- _Exercise instructions_
Please copy out every line in the records below that includes the word "CityJSON".

- _Recorded data_
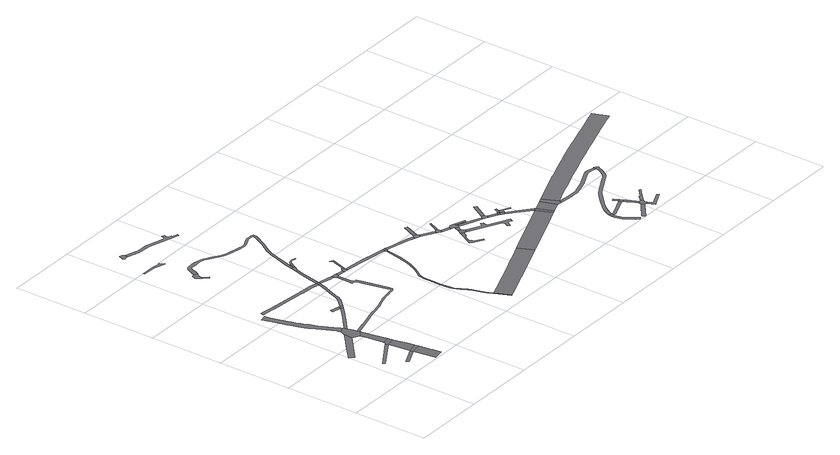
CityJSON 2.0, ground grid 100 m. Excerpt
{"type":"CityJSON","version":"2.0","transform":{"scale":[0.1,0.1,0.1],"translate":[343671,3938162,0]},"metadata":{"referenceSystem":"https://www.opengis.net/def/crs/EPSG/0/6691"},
"CityObjects":{
"road1":{"type":"Road","attributes":{"RoadStructureAttribute.sectionType":"1"},"geometry":[{"type":"MultiSurface","lod":"1","boundaries":[[[0,1,2,3,4,5,6,7]]]}]},
"road2":{"type":"Road","attributes":{"RoadStructureAttribute.sectionType":"1"},"geometry":[{"type":"MultiSurface","lod":"1","boundaries":[[[8,9,10,11,12,13,14,11,15,16]]]}]},
"road3":{"type":"Road","attributes":{"RoadStructureAttribute.sectionType":"1"},"geometry":[{"type":"MultiSurface","lod":"1","boundaries":[[[17,18,19,20,21,22,23,24,25,26,27,22,28,29,30,31,32]]]}]},
"road4":{"type":"Road","geometry":[{"type":"MultiSurface","lod":"1","boundaries":[[[22,21,8,16,23]]]}]},
"road5":{"type":"Road","geometry":[{"type":"MultiSurface","lod":"1","boundaries":[[[11,10,33,34,35,12]]]}]},
"road6":{"type":"Road","geometry":[{"type":"MultiSurface","lod":"1","boundaries":[[[36,37,38,7,6,39,40,41,42,43,44,45,46]]]}]},
"road7":{"type":"Road","attributes":{"function":"3","RoadStructureAttribute.sectionType":"1"},"geometry":[{"type":"MultiSurface","lod":"1","boundaries":[[[39,47,34,33,48,49,50,40]]]}]},
"road8":{"type":"Road","attributes":{"function":"3","RoadStructureAttribute.sectionType":"1"},"geometry":[{"type":"MultiSurface","lod":"1","boundaries":[[[51,52,53,54,55,56,57,58,59,60,61,37,36,62,63,64,65,66,67,68,69,70,71,72,73,74]]]}]},
"road9":{"type":"Road","attributes":{"RoadStructureAttribute.sectionType":"1"},"geometry":[{"type":"MultiSurface","lod":"1","boundaries":[[[45,75,76,77,78,79,80,81,82,83,84,85,46]]]}]},
"road10":{"type":"Road","attributes":{"RoadStructureAttribute.sectionType":"1"},"geometry":[{"type":"MultiSurface","lod":"1","boundaries":[[[86,87,88,81]]]}]},
"road11":{"type":"Road","attributes":{"RoadStructureAttribute.sectionType":"1"},"geometry":[{"type":"MultiSurface","lod":"1","boundaries":[[[89,90,91,92,93,94,95,96,97,98,99,100,101,102,103,104,105,106,107]]]}]},
"road12":{"type":"Road","geometry":[{"type":"MultiSurface","lod":"1","boundaries":[[[108,109,86,81,80]]]}]},
"road13":{"type":"Road","geometry":[{"type":"MultiSurface","lod":"1","boundaries":[[[110,111,112,113,114,115,116,117,118,119]]]}]},
"road14":{"type":"Road","attributes":{"RoadStructureAttribute.sectionType":"1"},"geometry":[{"type":"MultiSurface","lod":"1","boundaries":[[[120,121,122,123,124,125,126,127,128,129]]]}]},
"road15":{"type":"Road","attributes":{"RoadStructureAttribute.sectionType":"1"},"geometry":[{"type":"MultiSurface","lod":"1","boundaries":[[[111,130,131,132,133,112]]]}]},
"road16":{"type":"Road","attributes":{"RoadStructureAttribute.sectionType":"1"},"geometry":[{"type":"MultiSurface","lod":"1","boundaries":[[[134,135,136,137,138,139,140,141,142,143,144,145,146,147,148,149,150,151,152,153,154,155,41,40,156,157,158,159,160,161,162,163,164,165,166,167,168,169,170,171,172,173,174,175,176,177,178,179]]]}]},
"road17":{"type":"Road","attributes":{"RoadStructureAttribute.sectionType":"1"},"geometry":[{"type":"MultiSurface","lod":"1","boundaries":[[[107,180,181,182,183,184,185,186,187,109,108,188,189,190,191,192,193,194,195,196,197]]]}]},
"road18":{"type":"Road","geometry":[{"type":"MultiSurface","lod":"1","boundaries":[[[198,199,200,201,202,203,204,205,206]]]}]},
"road19":{"type":"Road","geometry":[{"type":"MultiSurface","lod":"1","boundaries":[[[107,197,207,89]]]}]},
"road20":{"type":"Road","attributes":{"RoadStructureAttribute.sectionType":"1"},"geometry":[{"type":"MultiSurface","lod":"1","boundaries":[[[208,209,89,207,210,211,212,213]]]}]},
"road21":{"type":"Road","attributes":{"RoadStructureAttribute.sectionType":"1"},"geometry":[{"type":"MultiSurface","lod":"1","boundaries":[[[197,214,215,216,217,207]]]}]},
"road22":{"type":"Road","attributes":{"RoadStructureAttribute.sectionType":"1"},"geometry":[{"type":"MultiSurface","lod":"1","boundaries":[[[218,219,220,221,222,223,224,225,226,227,228,229,230,231,232,233,234,235,236,237,238,239,240,241,242,243,244,245,246,247,248,249,250,251,116,115,252,253,254,255,256,257,258,259,260,261,262,263,264,265,266,267,268,269,270,271,272,273,274,275,276,277,278,279,280,281,282,283,284,285]]]}]},
"road23":{"type":"Road","attributes":{"RoadStructureAttribute.sectionType":"1"},"geometry":[{"type":"MultiSurface","lod":"1","boundaries":[[[200,286,287,288,289,290,291,292,293,294,295,296,297,298,299,300,301,302,303,304,305,306,201]]]}]},
"road24":{"type":"Road","geometry":[{"type":"MultiSurface","lod":"1","boundaries":[[[285,284,307,213,212,308]]]}]},
"road25":{"type":"Road","geometry":[{"type":"MultiSurface","lod":"1","boundaries":[[[216,215,309,179,178,310,311]]]}]},
"road26":{"type":"Road","attributes":{"RoadStructureAttribute.sectionType":"1"},"geometry":[{"type":"MultiSurface","lod":"1","boundaries":[[[312,313,314,311,310,315,316]]]}]},
"road27":{"type":"Road","attributes":{"RoadStructureAttribute.sectionType":"1"},"geometry":[{"type":"MultiSurface","lod":"1","boundaries":[[[317,318,319,320,321,322,323,324,325,326,327,328,329,330,331,332,285,308]]]}]},
"road28":{"type":"Road","geometry":[{"type":"MultiSurface","lod":"1","boundaries":[[[333,334,335,336,312,316]]]}]},
"road29":{"type":"Road","attributes":{"RoadStructureAttribute.sectionType":"1"},"geometry":[{"type":"MultiSurface","lod":"1","boundaries":[[[337,338,339,340,341,342,335,334]]]}]},
"road30":{"type":"Road","geometry":[{"type":"MultiSurface","lod":"1","boundaries":[[[343,344,345,346,347,348]]]}]},
"road31":{"type":"Road","attributes":{"RoadStructureAttribute.sectionType":"1"},"geometry":[{"type":"MultiSurface","lod":"1","boundaries":[[[349,350,351,352,353,354,355,356,357,358,359,360,361,362,363,364,365,366,367,368,369,370,371,372,373,374,347,346,375,376,377,378,379,380,381,382,383,384,385,386,387,388,389,390,391,392,393,394,395,396,397,398,399,400]]]}]},
"road32":{"type":"Road","attributes":{"RoadStructureAttribute.sectionType":"1"},"geometry":[{"type":"MultiSurface","lod":"1","boundaries":[[[401,402,403,404,334,333,405,406,407,408,409,410]]]}]},
"road33":{"type":"Road","geometry":[{"type":"MultiSurface","lod":"1","boundaries":[[[409,349,400,411,412,410]]]}]},
"road34":{"type":"Road","attributes":{"function":"3","RoadStructureAttribute.sectionType":"1"},"geometry":[{"type":"MultiSurface","lod":"1","boundaries":[[[413,414,415,416,417,418,419,420,346,345,421,422,423,424,425,426,427,428,429,430]]]}]},
"road35":{"type":"Road","attributes":{"RoadStructureAttribute.sectionType":"1"},"geometry":[{"type":"MultiSurface","lod":"1","boundaries":[[[431,432,433,434,412,411,435,436,437,438]]]}]},
"road36":{"type":"Road","geometry":[{"type":"MultiSurface","lod":"1","boundaries":[[[439,431,438,440,441,442,443,444]]]}]},
"road37":{"type":"Road","attributes":{"RoadStructureAttribute.sectionType":"1"},"geometry":[{"type":"MultiSurface","lod":"1","boundaries":[[[445,446,447,448,439,444]]]}]},
"road38":{"type":"Road","attributes":{"RoadStructureAttribute.sectionType":"1"},"geometry":[{"type":"MultiSurface","lod":"1","boundaries":[[[442,441,449,450]]]}]},
"road39":{"type":"Road","attributes":{"RoadStructureAttribute.sectionType":"1"},"geometry":[{"type":"MultiSurface","lod":"1","boundaries":[[[451,452,453,454,455,456,457,458,459,460,461,462,463,464,465,466]]]}]},
"road40":{"type":"Road","geometry":[{"type":"MultiSurface","lod":"1","boundaries":[[[467,450,449,468,469,470,471]]]}]},
"road41":{"type":"Road","attributes":{"RoadStructureAttribute.sectionType":"1"},"geometry":[{"type":"MultiSurface","lod":"1","boundaries":[[[468,472,473,474,475,469]]]}]},
"road42":{"type":"Road","attributes":{"RoadStructureAttribute.sectionType":"1"},"geometry":[{"type":"MultiSurface","lod":"1","boundaries":[[[470,476,477,478,479,471]]]}]},
"road43":{"type":"Road","geometry":[{"type":"MultiSurface","lod":"1","boundaries":[[[480,481,482,483,484,451,466]]]}]},
"road44":{"type":"Road","attributes":{"RoadStructureAttribute.sectionType":"1"},"geometry":[{"type":"MultiSurface","lod":"1","boundaries":[[[485,484,483,486]]]}]},
"road45":{"type":"Road","geometry":[{"type":"MultiSurface","lod":"1","boundaries":[[[487,488,489,490,491,474,473,492,485,486,493]]]}]},
"road46":{"type":"Road","attributes":{"RoadStructureAttribute.sectionType":"1"},"geometry":[{"type":"MultiSurface","lod":"1","boundaries":[[[494,495,496,497,490,489]]]}]},
"road47":{"type":"Road","attributes":{"RoadStructureAttribute.sectionType":"1"},"geometry":[{"type":"MultiSurface","lod":"1","boundaries":[[[481,498,499,500,501,502,503,504,505,506,507,508,509,510,511,512,482]]]}]},
"road48":{"type":"Road","attributes":{"RoadStructureAttribute.sectionType":"1"},"geometry":[{"type":"MultiSurface","lod":"1","boundaries":[[[513,487,493,514,515,516]]]}]},
"road49":{"type":"Road","attributes":{"function":"3","RoadStructureAttribute.sectionType":"7"},"geometry":[{"type":"MultiSurface","lod":"1","boundaries":[[[517,518,519,520,430,429,521,522,523,524]]]}]},
"road50":{"type":"Road","geometry":[{"type":"MultiSurface","lod":"1","boundaries":[[[515,525,526,527,528,516]]]}]},
"road51":{"type":"Road","attributes":{"RoadStructureAttribute.sectionType":"1"},"geometry":[{"type":"MultiSurface","lod":"1","boundaries":[[[529,530,526,525,531,532]]]}]},
"road52":{"type":"Road","attributes":{"RoadStructureAttribute.sectionType":"1"},"geometry":[{"type":"MultiSurface","lod":"1","boundaries":[[[533,534,528,527]]]}]},
"road53":{"type":"Road","geometry":[{"type":"MultiSurface","lod":"1","boundaries":[[[535,529,532,536,537]]]}]},
"road54":{"type":"Road","attributes":{"RoadStructureAttribute.sectionType":"1"},"geometry":[{"type":"MultiSurface","lod":"1","boundaries":[[[536,538,539,537]]]}]},
"road55":{"type":"Road","geometry":[{"type":"MultiSurface","lod":"1","boundaries":[[[540,539,538,541,542,543]]]}]},
"road56":{"type":"Road","attributes":{"RoadStructureAttribute.sectionType":"1"},"geometry":[{"type":"MultiSurface","lod":"1","boundaries":[[[544,545,546,547,548,549,535,537]]]}]},
"road57":{"type":"Road","attributes":{"RoadStructureAttribute.sectionType":"1"},"geometry":[{"type":"MultiSurface","lod":"1","boundaries":[[[550,551,552,553,554,555,556,557,540,543]]]}]},
"road58":{"type":"Road","attributes":{"RoadStructureAttribute.sectionType":"1"},"geometry":[{"type":"MultiSurface","lod":"1","boundaries":[[[558,559,543,542,560,517]]]}]},
"road59":{"type":"Road","geometry":[{"type":"MultiSurface","lod":"1","boundaries":[[[561,562,558,517,524]]]}]},
"road60":{"type":"Road","geometry":[{"type":"MultiSurface","lod":"1","boundaries":[[[563,564,562,561,565,566]]]}]},
"road61":{"type":"Road","geometry":[{"type":"MultiSurface","lod":"1","boundaries":[[[567,568,569,570]]]}]},
"road62":{"type":"Road","attributes":{"RoadStructureAttribute.sectionType":"1"},"geometry":[{"type":"MultiSurface","lod":"1","boundaries":[[[567,571,572,573,574,575,576,577,578,579,580,581,582,583,584,585,568]]]}]},
"road63":{"type":"Road","geometry":[{"type":"MultiSurface","lod":"1","boundaries":[[[563,566,586,587,588]]]}]},
"road64":{"type":"Road","attributes":{"RoadStructureAttribute.sectionType":"1"},"geometry":[{"type":"MultiSurface","lod":"1","boundaries":[[[589,590,591,569,568,592,593,594]]]}]},
"road65":{"type":"Road","attributes":{"RoadStructureAttribute.sectionType":"1"},"geometry":[{"type":"MultiSurface","lod":"1","boundaries":[[[595,596,597,598,599,600,601,602]]]}]},
"road66":{"type":"Road","attributes":{"RoadStructureAttribute.sectionType":"1"},"geometry":[{"type":"MultiSurface","lod":"1","boundaries":[[[603,604,605,606]]]}]},
"road67":{"type":"Road","geometry":[{"type":"MultiSurface","lod":"1","boundaries":[[[607,608,609,603,606,589,594]]]}]},
"road68":{"type":"Road","attributes":{"RoadStructureAttribute.sectionType":"1"},"geometry":[{"type":"MultiSurface","lod":"1","boundaries":[[[610,611,612,613,614,615,608,607]]]}]},
"road69":{"type":"Road","geometry":[{"type":"MultiSurface","lod":"1","boundaries":[[[616,613,612,617,618,595,602,619,620,621,622,623]]]}]},
"road70":{"type":"Road","attributes":{"RoadStructureAttribute.sectionType":"1"},"geometry":[{"type":"MultiSurface","lod":"1","boundaries":[[[624,625,626,627,628,629,630,631,620,619]]]}]},
"road71":{"type":"Road","attributes":{"RoadStructureAttribute.sectionType":"1"},"geometry":[{"type":"MultiSurface","lod":"1","boundaries":[[[632,633,634,635,636,637,638,639,640,641,642,643,644,645,646,647,648,649,570,569,650,651,652,653,654,655,656,657,658,659,660,661,662,663,664,665,666,667,668,669,670,671,672]]]}]},
"road72":{"type":"Road","attributes":{"RoadStructureAttribute.sectionType":"1"},"geometry":[{"type":"MultiSurface","lod":"1","boundaries":[[[586,673,674,675,676,677,678,679,680,681,682,634,633,683,684,685,686,687,688,689,690,691,692,587]]]}]},
"road73":{"type":"Road","attributes":{"RoadStructureAttribute.sectionType":"1"},"geometry":[{"type":"MultiSurface","lod":"1","boundaries":[[[693,694,695,696,697,698,699,616,623]]]}]},
"road74":{"type":"Road","attributes":{"function":"3","RoadStructureAttribute.sectionType":"7"},"geometry":[{"type":"MultiSurface","lod":"1","boundaries":[[[587,700,701,702,703,704,705,706,707,708,709,710,711,712,713,714,715,716,717,718,719,720,721,722,723,724,725,726,727,728,729,730,731,732,733,734,588]]]}]}
},
"vertices":[
[407,1208,0],[178,1008,0],[129,964,0],[8,856,0],[62,795,0],[233,946,0],[411,1103,0],[425,1225,0],
[721,406,0],[709,475,0],[668,686,0],[548,663,0],[527,696,0],[138,452,0],[160,418,0],[557,590,0],[583,368,0],
[770,104,0],[760,169,0],[759,170,0],[757,185,0],[731,349,0],[589,326,0],[571,363,0],[355,260,0],[348,257,0],[350,252,0],[365,221,0],[617,147,0],[630,71,0],[634,44,0],[637,26,0],[779,50,0],
[655,750,0],[557,734,0],[544,707,0],
[534,1324,0],[457,1293,0],[436,1242,0],[510,1055,0],[591,1112,0],[584,1152,0],[576,1200,0],[555,1270,0],[554,1271,0],[553,1275,0],[547,1324,0],
[523,967,0],[618,939,0],[602,1044,0],[598,1074,0],
[141,2158,0],[143,2151,0],[198,1928,0],[205,1903,0],[227,1828,0],[249,1770,0],[274,1702,0],[294,1653,0],[329,1571,0],[437,1341,0],[446,1322,0],[523,1354,0],[516,1368,0],[405,1604,0],[365,1699,0],[351,1733,0],[326,1799,0],[306,1854,0],[292,1901,0],[278,1949,0],[237,2110,0],[222,2170,0],[204,2241,0],[126,2222,0],
[558,1283,0],[575,1298,0],[719,1417,0],[762,1454,0],[863,1541,0],[924,1602,0],[899,1627,0],[839,1567,0],[696,1443,0],[671,1422,0],[557,1328,0],
[908,1666,0],[786,1692,0],[778,1653,0],
[1204,2210,0],[1094,2229,0],[960,2245,0],[662,2275,0],[404,2300,0],[392,2301,0],[387,2301,0],[270,2314,0],[237,2317,0],[228,2267,0],[387,2251,0],[424,2248,0],[657,2226,0],[896,2201,0],[955,2195,0],[980,2192,0],[1087,2180,0],[1106,2176,0],[1196,2161,0],
[958,1636,0],[933,1661,0],
[447,3445,0],[492,3380,0],[514,3394,0],[524,3453,0],[542,3465,0],[548,3473,0],[506,3503,0],[505,3503,0],[483,3499,0],[467,3495,0],
[182,3983,0],[299,3976,0],[365,3970,0],[441,3945,0],[508,3925,0],[481,3996,0],[441,3980,0],[368,3996,0],[299,4003,0],[184,4004,0],
[503,3365,0],[556,3303,0],[576,3320,0],[523,3382,0],
[1463,1867,0],[1487,1864,0],[1521,1835,0],[1535,1766,0],[1600,1450,0],[1617,1417,0],[1612,1410,0],[1611,1409,0],[1595,1405,0],[1554,1399,0],[1499,1386,0],[1441,1376,0],[1378,1363,0],[1290,1334,0],[1192,1302,0],[1065,1273,0],[1063,1278,0],[962,1252,0],[935,1245,0],[756,1192,0],[748,1190,0],[745,1200,0],[709,1147,0],[756,1161,0],[939,1215,0],[943,1216,0],[1071,1249,0],[1198,1277,0],[1299,1311,0],[1385,1339,0],[1445,1352,0],[1503,1361,0],[1559,1374,0],[1600,1381,0],[1623,1386,0],[1631,1394,0],[1639,1404,0],[1643,1412,0],[1639,1459,0],[1573,1783,0],[1553,1880,0],[1525,1878,0],[1504,1903,0],[1503,1903,0],[1499,2093,0],[1461,2097,0],
[1160,2055,0],[1148,2026,0],[1144,2018,0],[1114,1946,0],[1070,1826,0],[1033,1765,0],[981,1709,0],[981,1708,0],[1006,1684,0],[1012,1691,0],[1061,1744,0],[1100,1808,0],[1098,1816,0],[1142,1935,0],[1181,2028,0],[1188,2044,0],[1224,2151,0],[1230,2164,0],
[332,4379,0],[364,4391,0],[379,4386,0],[392,4430,0],[369,4463,0],[330,4470,0],[326,4448,0],[311,4416,0],[300,4404,0],
[1238,2204,0],
[1260,2458,0],[1224,2315,0],[1258,2307,0],[1294,2450,0],[1326,2571,0],[1292,2580,0],
[1381,2134,0],[1442,2125,0],[1448,2164,0],[1388,2174,0],
[1372,2745,0],[1424,2916,0],[1419,2916,0],[1461,3038,0],[1471,3067,0],[1504,3130,0],[1588,3263,0],[1681,3433,0],[1688,3457,0],[1686,3494,0],[1646,3506,0],[1623,3507,0],[1596,3504,0],[1572,3504,0],[1528,3492,0],[1432,3444,0],[1416,3441,0],[1404,3440,0],[1314,3453,0],[1163,3482,0],[1125,3492,0],[1069,3519,0],[976,3577,0],[910,3618,0],[871,3636,0],[797,3656,0],[728,3669,0],[630,3668,0],[611,3663,0],[589,3656,0],[557,3628,0],[545,3596,0],[530,3554,0],[514,3515,0],[560,3489,0],[579,3535,0],[595,3579,0],[602,3599,0],[607,3605,0],[618,3619,0],[716,3619,0],[793,3623,0],[862,3607,0],[896,3591,0],[1055,3493,0],[1083,3479,0],[1115,3464,0],[1156,3453,0],[1309,3423,0],[1403,3410,0],[1420,3411,0],[1442,3416,0],[1538,3463,0],[1576,3474,0],[1597,3475,0],[1624,3476,0],[1641,3476,0],[1657,3471,0],[1658,3460,0],[1653,3444,0],[1562,3278,0],[1478,3145,0],[1444,3079,0],[1432,3045,0],[1391,2926,0],[1338,2755,0],[1314,2660,0],[1347,2651,0],
[556,4332,0],[580,4328,0],[722,4325,0],[740,4320,0],[796,4303,0],[1079,4218,0],[1082,4217,0],[1149,4197,0],[1160,4223,0],[1088,4245,0],[1092,4261,0],[1054,4273,0],[1041,4300,0],[1053,4336,0],[1010,4350,0],[1000,4316,0],[978,4296,0],[753,4363,0],[729,4370,0],[584,4373,0],[566,4376,0],
[1306,2631,0],[1365,2642,0],
[1459,2101,0],[1515,2113,0],[1521,2153,0],
[1625,2140,0],[1614,2141,0],[1575,2144,0],[1571,2105,0],[1621,2100,0],
[1387,2681,0],[1404,2712,0],[1419,2733,0],[1428,2743,0],[1443,2752,0],[1459,2757,0],[1471,2757,0],[1531,2750,0],[1533,2770,0],[1472,2777,0],[1455,2777,0],[1435,2770,0],[1416,2759,0],[1403,2746,0],[1387,2723,0],[1369,2691,0],
[1682,2096,0],[1685,2135,0],[1655,2168,0],[1630,2145,0],
[1694,2162,0],[1768,2373,0],[1716,2390,0],[1740,2356,0],[1714,2280,0],[1683,2194,0],
[2347,168,0],[2355,171,0],[2359,173,0],[2277,379,0],[2259,371,0],[2261,368,0],
[2315,1984,0],[2272,1768,0],[2235,1634,0],[2209,1565,0],[2161,1469,0],[2159,1465,0],[2110,1393,0],[2081,1347,0],[2069,1323,0],[2061,1301,0],[2057,1274,0],[2053,1218,0],[2051,1089,0],[2050,1082,0],[2049,1002,0],[2049,993,0],[2053,940,0],[2060,870,0],[2068,829,0],[2108,746,0],[2149,671,0],[2160,644,0],[2163,637,0],[2199,511,0],[2224,447,0],[2230,433,0],[2248,441,0],[2218,517,0],[2182,643,0],[2180,650,0],[2167,680,0],[2126,755,0],[2087,835,0],[2080,873,0],[2073,942,0],[2069,994,0],[2069,1024,0],[2070,1073,0],[2070,1078,0],[2071,1097,0],[2071,1114,0],[2073,1217,0],[2077,1272,0],[2081,1296,0],[2087,1315,0],[2099,1337,0],[2127,1382,0],[2176,1454,0],[2227,1557,0],[2254,1627,0],[2291,1764,0],[2335,1983,0],
[2272,2059,0],[2190,2072,0],[1986,2104,0],[1750,2130,0],[1746,2090,0],[1980,2064,0],[2125,2041,0],[2265,2019,0],[2313,2011,0],[2320,2050,0],
[2343,2005,0],[2350,2045,0],
[3071,703,0],[3043,691,0],[2919,640,0],[2673,540,0],[2628,521,0],[2540,485,0],[2392,425,0],[2306,391,0],[2475,219,0],[2624,279,0],[2773,341,0],[2856,375,0],[3127,486,0],[3266,543,0],[3308,559,0],[3352,576,0],[3385,589,0],[3291,794,0],
[2769,1937,0],[2750,1944,0],[2689,1965,0],[2415,2033,0],[2407,1994,0],[2678,1926,0],[2723,1911,0],[2756,1899,0],
[2797,1949,0],[2819,1877,0],[2834,1872,0],[2850,1909,0],[2847,1921,0],[2843,1938,0],
[2925,2131,0],[2909,2138,0],[2882,2149,0],[2843,2058,0],
[3012,1771,0],[3032,1806,0],
[3174,1535,0],[3135,1464,0],[3097,1395,0],[3063,1330,0],[3054,1310,0],[3098,1286,0],[3222,1213,0],[3233,1238,0],[3124,1308,0],[3116,1324,0],[3113,1336,0],[3105,1367,0],[3115,1386,0],[3153,1455,0],[3174,1443,0],[3213,1513,0],
[3059,1812,0],[3076,1735,0],[3093,1771,0],[3084,1811,0],[3066,1823,0],
[3192,1690,0],[3193,1690,0],[3208,1727,0],[3207,1727,0],
[3113,1855,0],[3157,1954,0],[3139,1962,0],[3095,1865,0],
[3228,1511,0],[3249,1500,0],[3271,1539,0],[3249,1579,0],[3210,1600,0],
[3245,1665,0],[3285,1644,0],
[3314,1684,0],[3298,1690,0],[3302,1695,0],[3311,1723,0],[3248,1745,0],[3247,1668,0],[3299,1647,0],
[3385,1671,0],[3445,1651,0],[3453,1674,0],[3392,1695,0],
[3668,1276,0],[3677,1247,0],[3649,1191,0],[3681,1172,0],[3716,1231,0],[3745,1234,0],[3778,1216,0],[3799,1256,0],[3689,1316,0],[3525,1403,0],[3522,1433,0],[3540,1464,0],[3502,1484,0],[3484,1450,0],[3456,1441,0],
[3504,1607,0],[3488,1570,0],[3606,1519,0],[3622,1555,0],
[4142,1147,0],[3923,1057,0],[3533,896,0],[3314,803,0],[3402,595,0],[3620,687,0],[4009,848,0],[4228,938,0],
[3674,1489,0],[3690,1525,0],[3684,1555,0],[3642,1573,0],
[3813,1464,0],[3740,1504,0],[3722,1468,0],[3794,1429,0],
[3806,1755,0],[3768,1778,0],
[3821,1470,0],[3813,1418,0],[3832,1453,0],
[3818,1416,0],[3837,1451,0],
[3857,1463,0],[3833,1407,0],[3861,1384,0],[3887,1414,0],
[3865,1475,0],[3878,1496,0],[3897,1535,0],[3880,1544,0],[3860,1506,0],[3850,1490,0],
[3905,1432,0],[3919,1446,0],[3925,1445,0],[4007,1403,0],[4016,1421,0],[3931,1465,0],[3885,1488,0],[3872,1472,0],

- _The completed task_
CityJSON 2.0, ground grid 100 m. Excerpt
{"type":"CityJSON","version":"2.0","transform":{"scale":[0.1,0.1,0.1],"translate":[343671,3938162,0]},"metadata":{"referenceSystem":"https://www.opengis.net/def/crs/EPSG/0/6691"},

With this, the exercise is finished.